(Beginning of Data extract)
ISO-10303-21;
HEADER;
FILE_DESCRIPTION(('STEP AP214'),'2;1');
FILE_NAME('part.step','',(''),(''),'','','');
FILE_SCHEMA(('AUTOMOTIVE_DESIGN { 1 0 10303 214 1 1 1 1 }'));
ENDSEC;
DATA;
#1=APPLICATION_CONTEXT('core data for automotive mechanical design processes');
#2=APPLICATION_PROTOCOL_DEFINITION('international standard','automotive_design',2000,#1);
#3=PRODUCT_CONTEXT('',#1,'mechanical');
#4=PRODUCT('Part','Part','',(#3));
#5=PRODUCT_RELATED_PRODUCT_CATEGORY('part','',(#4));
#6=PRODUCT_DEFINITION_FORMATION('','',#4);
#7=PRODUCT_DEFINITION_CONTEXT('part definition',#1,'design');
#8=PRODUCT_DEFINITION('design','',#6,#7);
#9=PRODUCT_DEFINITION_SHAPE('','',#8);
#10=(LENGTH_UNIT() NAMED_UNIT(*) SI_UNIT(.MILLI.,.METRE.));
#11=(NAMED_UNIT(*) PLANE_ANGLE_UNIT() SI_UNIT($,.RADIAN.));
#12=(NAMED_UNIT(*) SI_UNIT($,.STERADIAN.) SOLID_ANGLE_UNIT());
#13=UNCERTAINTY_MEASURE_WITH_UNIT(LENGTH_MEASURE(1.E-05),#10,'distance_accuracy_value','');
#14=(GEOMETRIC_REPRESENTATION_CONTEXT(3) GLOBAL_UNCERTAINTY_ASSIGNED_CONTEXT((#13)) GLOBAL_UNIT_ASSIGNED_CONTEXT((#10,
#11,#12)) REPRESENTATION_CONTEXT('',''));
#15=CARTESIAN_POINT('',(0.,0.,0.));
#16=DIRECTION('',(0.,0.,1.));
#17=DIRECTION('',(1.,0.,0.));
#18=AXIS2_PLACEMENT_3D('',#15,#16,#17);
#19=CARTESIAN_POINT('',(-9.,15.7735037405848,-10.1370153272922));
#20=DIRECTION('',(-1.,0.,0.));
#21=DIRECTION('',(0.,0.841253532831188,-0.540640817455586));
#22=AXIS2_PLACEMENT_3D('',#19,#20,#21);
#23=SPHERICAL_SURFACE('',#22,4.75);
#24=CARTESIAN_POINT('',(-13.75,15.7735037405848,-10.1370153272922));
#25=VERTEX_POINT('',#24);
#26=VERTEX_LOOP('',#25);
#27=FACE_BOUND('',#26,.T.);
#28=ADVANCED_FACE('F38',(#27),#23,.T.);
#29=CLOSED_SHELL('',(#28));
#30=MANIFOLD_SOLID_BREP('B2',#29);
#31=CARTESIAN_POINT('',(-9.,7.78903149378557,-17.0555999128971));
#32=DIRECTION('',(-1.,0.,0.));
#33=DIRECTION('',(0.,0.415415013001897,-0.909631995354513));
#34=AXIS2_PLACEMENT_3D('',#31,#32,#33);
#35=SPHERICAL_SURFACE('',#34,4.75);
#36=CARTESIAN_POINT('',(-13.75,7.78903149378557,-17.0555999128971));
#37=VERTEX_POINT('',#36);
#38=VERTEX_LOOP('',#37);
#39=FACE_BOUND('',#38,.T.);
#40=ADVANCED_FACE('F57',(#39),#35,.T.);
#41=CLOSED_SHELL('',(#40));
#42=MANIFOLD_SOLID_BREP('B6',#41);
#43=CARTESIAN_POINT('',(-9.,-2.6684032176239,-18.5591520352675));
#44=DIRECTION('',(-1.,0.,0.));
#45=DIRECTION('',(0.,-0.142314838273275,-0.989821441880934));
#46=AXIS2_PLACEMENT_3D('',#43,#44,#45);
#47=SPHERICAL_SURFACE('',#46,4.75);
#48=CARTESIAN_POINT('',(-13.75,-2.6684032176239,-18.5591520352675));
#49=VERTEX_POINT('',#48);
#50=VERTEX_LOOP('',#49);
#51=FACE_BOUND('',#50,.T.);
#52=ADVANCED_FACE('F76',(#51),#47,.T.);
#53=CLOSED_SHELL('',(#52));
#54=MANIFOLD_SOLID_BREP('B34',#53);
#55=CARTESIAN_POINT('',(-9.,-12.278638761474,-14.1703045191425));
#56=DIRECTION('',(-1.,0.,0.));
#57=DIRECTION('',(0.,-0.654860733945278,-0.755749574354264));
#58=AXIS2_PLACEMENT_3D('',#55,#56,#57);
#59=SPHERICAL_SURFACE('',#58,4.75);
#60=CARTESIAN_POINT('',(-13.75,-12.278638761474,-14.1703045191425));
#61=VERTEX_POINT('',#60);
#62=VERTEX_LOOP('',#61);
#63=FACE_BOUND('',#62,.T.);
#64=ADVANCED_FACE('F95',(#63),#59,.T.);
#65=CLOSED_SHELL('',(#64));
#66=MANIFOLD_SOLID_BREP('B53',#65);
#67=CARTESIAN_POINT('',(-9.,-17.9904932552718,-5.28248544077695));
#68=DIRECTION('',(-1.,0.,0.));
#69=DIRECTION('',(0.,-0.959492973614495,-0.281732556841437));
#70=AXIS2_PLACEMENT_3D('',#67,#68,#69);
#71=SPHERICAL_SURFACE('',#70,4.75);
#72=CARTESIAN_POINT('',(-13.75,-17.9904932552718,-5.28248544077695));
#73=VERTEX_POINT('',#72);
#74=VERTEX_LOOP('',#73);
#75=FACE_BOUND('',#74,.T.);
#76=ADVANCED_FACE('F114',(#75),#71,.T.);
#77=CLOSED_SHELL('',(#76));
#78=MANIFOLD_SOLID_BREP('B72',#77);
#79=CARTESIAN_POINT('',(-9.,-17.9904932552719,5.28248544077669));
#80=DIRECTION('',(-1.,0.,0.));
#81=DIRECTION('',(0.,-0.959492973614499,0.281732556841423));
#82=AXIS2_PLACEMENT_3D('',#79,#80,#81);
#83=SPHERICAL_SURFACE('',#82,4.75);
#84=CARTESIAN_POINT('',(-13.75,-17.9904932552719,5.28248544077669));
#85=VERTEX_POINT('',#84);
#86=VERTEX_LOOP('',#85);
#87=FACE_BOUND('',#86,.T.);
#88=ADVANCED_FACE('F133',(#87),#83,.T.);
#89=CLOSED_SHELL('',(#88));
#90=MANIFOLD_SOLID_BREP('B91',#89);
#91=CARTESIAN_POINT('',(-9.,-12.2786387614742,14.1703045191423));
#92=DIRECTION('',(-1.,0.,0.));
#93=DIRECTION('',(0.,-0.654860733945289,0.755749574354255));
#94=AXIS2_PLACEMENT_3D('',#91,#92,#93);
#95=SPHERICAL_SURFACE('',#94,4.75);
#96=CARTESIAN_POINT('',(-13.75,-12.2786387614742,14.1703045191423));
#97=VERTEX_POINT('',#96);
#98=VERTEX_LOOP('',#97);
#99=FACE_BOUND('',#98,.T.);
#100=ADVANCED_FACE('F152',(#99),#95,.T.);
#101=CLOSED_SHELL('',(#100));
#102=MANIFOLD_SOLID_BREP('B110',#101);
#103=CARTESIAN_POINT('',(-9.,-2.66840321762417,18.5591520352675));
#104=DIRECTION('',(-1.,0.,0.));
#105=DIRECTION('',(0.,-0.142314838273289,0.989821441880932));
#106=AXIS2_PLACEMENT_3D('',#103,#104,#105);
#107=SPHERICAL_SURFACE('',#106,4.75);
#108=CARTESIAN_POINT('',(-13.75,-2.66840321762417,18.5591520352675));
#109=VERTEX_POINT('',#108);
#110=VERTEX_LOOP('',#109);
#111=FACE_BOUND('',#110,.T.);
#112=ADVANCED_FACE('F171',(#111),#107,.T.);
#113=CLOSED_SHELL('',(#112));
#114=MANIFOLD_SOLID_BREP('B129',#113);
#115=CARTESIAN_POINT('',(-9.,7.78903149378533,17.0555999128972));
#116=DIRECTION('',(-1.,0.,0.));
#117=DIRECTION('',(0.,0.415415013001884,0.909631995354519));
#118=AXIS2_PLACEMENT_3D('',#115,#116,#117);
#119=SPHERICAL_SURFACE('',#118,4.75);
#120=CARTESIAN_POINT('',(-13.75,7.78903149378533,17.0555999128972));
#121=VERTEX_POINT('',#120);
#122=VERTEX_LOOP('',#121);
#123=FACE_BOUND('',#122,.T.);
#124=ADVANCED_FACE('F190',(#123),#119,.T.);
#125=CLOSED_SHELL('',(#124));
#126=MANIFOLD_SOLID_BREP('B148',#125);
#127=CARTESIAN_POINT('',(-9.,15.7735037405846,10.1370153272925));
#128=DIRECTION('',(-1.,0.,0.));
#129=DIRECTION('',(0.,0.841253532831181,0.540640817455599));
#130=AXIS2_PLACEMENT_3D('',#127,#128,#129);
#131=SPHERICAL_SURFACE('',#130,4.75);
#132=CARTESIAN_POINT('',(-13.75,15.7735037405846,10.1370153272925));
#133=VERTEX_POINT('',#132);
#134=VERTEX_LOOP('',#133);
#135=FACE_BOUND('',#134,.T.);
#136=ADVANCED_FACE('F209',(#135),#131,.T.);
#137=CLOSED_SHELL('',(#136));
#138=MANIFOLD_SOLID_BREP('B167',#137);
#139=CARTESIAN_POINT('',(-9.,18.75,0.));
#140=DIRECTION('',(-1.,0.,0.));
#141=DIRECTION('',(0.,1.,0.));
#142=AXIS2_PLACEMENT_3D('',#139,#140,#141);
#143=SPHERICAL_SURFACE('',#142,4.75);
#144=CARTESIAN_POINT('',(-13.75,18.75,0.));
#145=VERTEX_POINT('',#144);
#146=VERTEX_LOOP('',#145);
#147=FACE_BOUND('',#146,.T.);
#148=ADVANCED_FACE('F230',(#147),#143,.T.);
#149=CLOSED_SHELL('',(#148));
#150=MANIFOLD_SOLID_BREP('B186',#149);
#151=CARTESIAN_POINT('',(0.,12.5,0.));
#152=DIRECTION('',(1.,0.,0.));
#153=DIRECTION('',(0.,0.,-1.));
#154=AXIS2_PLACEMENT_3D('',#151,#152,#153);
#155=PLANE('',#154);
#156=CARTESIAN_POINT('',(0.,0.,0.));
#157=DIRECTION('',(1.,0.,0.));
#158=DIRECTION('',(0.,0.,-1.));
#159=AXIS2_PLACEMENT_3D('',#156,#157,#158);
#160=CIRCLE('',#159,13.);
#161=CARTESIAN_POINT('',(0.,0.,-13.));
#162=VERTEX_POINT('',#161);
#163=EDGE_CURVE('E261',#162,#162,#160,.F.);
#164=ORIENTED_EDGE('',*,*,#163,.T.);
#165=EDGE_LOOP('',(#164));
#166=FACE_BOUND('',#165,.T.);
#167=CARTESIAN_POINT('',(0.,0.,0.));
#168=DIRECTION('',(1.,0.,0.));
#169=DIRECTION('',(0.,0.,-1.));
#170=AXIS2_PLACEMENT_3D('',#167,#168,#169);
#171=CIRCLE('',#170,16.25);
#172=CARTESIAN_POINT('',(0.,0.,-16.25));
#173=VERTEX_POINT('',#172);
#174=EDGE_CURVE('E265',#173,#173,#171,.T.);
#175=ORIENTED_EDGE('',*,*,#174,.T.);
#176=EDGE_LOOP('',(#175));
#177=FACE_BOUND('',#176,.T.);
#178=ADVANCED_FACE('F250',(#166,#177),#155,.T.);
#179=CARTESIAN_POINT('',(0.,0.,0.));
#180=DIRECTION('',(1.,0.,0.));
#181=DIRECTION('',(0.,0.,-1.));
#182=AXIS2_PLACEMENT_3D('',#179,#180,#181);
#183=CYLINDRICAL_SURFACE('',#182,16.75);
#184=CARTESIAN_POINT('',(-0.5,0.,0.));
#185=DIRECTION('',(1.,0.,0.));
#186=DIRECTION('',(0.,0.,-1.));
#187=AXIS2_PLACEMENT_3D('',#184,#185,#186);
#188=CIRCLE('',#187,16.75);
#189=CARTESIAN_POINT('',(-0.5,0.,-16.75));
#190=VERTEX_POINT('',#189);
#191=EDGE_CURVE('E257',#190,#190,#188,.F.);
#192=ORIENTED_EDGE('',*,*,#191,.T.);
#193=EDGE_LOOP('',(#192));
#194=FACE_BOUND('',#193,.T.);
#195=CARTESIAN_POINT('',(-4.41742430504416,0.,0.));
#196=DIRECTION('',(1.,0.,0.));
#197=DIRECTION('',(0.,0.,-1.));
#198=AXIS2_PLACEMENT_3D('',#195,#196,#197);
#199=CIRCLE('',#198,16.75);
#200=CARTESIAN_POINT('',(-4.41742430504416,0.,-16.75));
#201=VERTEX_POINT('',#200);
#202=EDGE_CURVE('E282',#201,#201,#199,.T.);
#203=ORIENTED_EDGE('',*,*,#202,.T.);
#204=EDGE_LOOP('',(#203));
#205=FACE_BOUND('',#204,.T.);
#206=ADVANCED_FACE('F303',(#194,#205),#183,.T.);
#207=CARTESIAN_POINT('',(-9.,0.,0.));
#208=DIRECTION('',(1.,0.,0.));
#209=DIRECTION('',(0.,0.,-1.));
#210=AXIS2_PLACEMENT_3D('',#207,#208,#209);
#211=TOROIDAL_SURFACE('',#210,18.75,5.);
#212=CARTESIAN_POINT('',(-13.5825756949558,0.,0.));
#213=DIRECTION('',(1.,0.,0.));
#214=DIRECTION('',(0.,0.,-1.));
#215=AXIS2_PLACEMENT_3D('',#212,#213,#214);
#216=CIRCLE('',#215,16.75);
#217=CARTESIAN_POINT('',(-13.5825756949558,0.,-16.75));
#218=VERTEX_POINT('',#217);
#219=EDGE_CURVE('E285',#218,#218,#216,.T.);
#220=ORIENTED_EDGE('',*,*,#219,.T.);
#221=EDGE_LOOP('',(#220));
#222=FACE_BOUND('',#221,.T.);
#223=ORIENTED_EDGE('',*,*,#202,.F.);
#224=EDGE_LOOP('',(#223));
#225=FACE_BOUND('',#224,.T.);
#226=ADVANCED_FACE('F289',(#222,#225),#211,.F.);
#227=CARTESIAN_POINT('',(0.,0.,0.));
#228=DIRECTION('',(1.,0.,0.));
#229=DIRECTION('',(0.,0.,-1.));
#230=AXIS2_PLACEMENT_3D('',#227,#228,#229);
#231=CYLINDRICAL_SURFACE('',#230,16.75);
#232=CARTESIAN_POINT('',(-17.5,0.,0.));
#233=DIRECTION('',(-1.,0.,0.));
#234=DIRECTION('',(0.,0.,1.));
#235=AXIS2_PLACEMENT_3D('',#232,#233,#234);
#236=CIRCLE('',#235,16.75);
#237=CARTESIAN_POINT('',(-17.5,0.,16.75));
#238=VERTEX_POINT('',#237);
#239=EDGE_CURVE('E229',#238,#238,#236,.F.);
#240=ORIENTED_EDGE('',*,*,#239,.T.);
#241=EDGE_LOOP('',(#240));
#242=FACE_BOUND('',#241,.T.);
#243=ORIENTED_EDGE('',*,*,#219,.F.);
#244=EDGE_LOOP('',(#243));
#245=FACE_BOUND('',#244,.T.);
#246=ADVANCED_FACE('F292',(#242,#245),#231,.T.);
(End of Data extract)
## Your assignment
When you reach the line holding "#142=AXIS2_PLACEMENT_3D('',#139,#140,#141);" in the records above, begin reproducing exactly, stop after the line holding "#182=AXIS2_PLACEMENT_3D('',#179,#180,#181);", and output nothing else.

## Solution below
#142=AXIS2_PLACEMENT_3D('',#139,#140,#141);
#143=SPHERICAL_SURFACE('',#142,4.75);
#144=CARTESIAN_POINT('',(-13.75,18.75,0.));
#145=VERTEX_POINT('',#144);
#146=VERTEX_LOOP('',#145);
#147=FACE_BOUND('',#146,.T.);
#148=ADVANCED_FACE('F230',(#147),#143,.T.);
#149=CLOSED_SHELL('',(#148));
#150=MANIFOLD_SOLID_BREP('B186',#149);
#151=CARTESIAN_POINT('',(0.,12.5,0.));
#152=DIRECTION('',(1.,0.,0.));
#153=DIRECTION('',(0.,0.,-1.));
#154=AXIS2_PLACEMENT_3D('',#151,#152,#153);
#155=PLANE('',#154);
#156=CARTESIAN_POINT('',(0.,0.,0.));
#157=DIRECTION('',(1.,0.,0.));
#158=DIRECTION('',(0.,0.,-1.));
#159=AXIS2_PLACEMENT_3D('',#156,#157,#158);
#160=CIRCLE('',#159,13.);
#161=CARTESIAN_POINT('',(0.,0.,-13.));
#162=VERTEX_POINT('',#161);
#163=EDGE_CURVE('E261',#162,#162,#160,.F.);
#164=ORIENTED_EDGE('',*,*,#163,.T.);
#165=EDGE_LOOP('',(#164));
#166=FACE_BOUND('',#165,.T.);
#167=CARTESIAN_POINT('',(0.,0.,0.));
#168=DIRECTION('',(1.,0.,0.));
#169=DIRECTION('',(0.,0.,-1.));
#170=AXIS2_PLACEMENT_3D('',#167,#168,#169);
#171=CIRCLE('',#170,16.25);
#172=CARTESIAN_POINT('',(0.,0.,-16.25));
#173=VERTEX_POINT('',#172);
#174=EDGE_CURVE('E265',#173,#173,#171,.T.);
#175=ORIENTED_EDGE('',*,*,#174,.T.);
#176=EDGE_LOOP('',(#175));
#177=FACE_BOUND('',#176,.T.);
#178=ADVANCED_FACE('F250',(#166,#177),#155,.T.);
#179=CARTESIAN_POINT('',(0.,0.,0.));
#180=DIRECTION('',(1.,0.,0.));
#181=DIRECTION('',(0.,0.,-1.));
#182=AXIS2_PLACEMENT_3D('',#179,#180,#181);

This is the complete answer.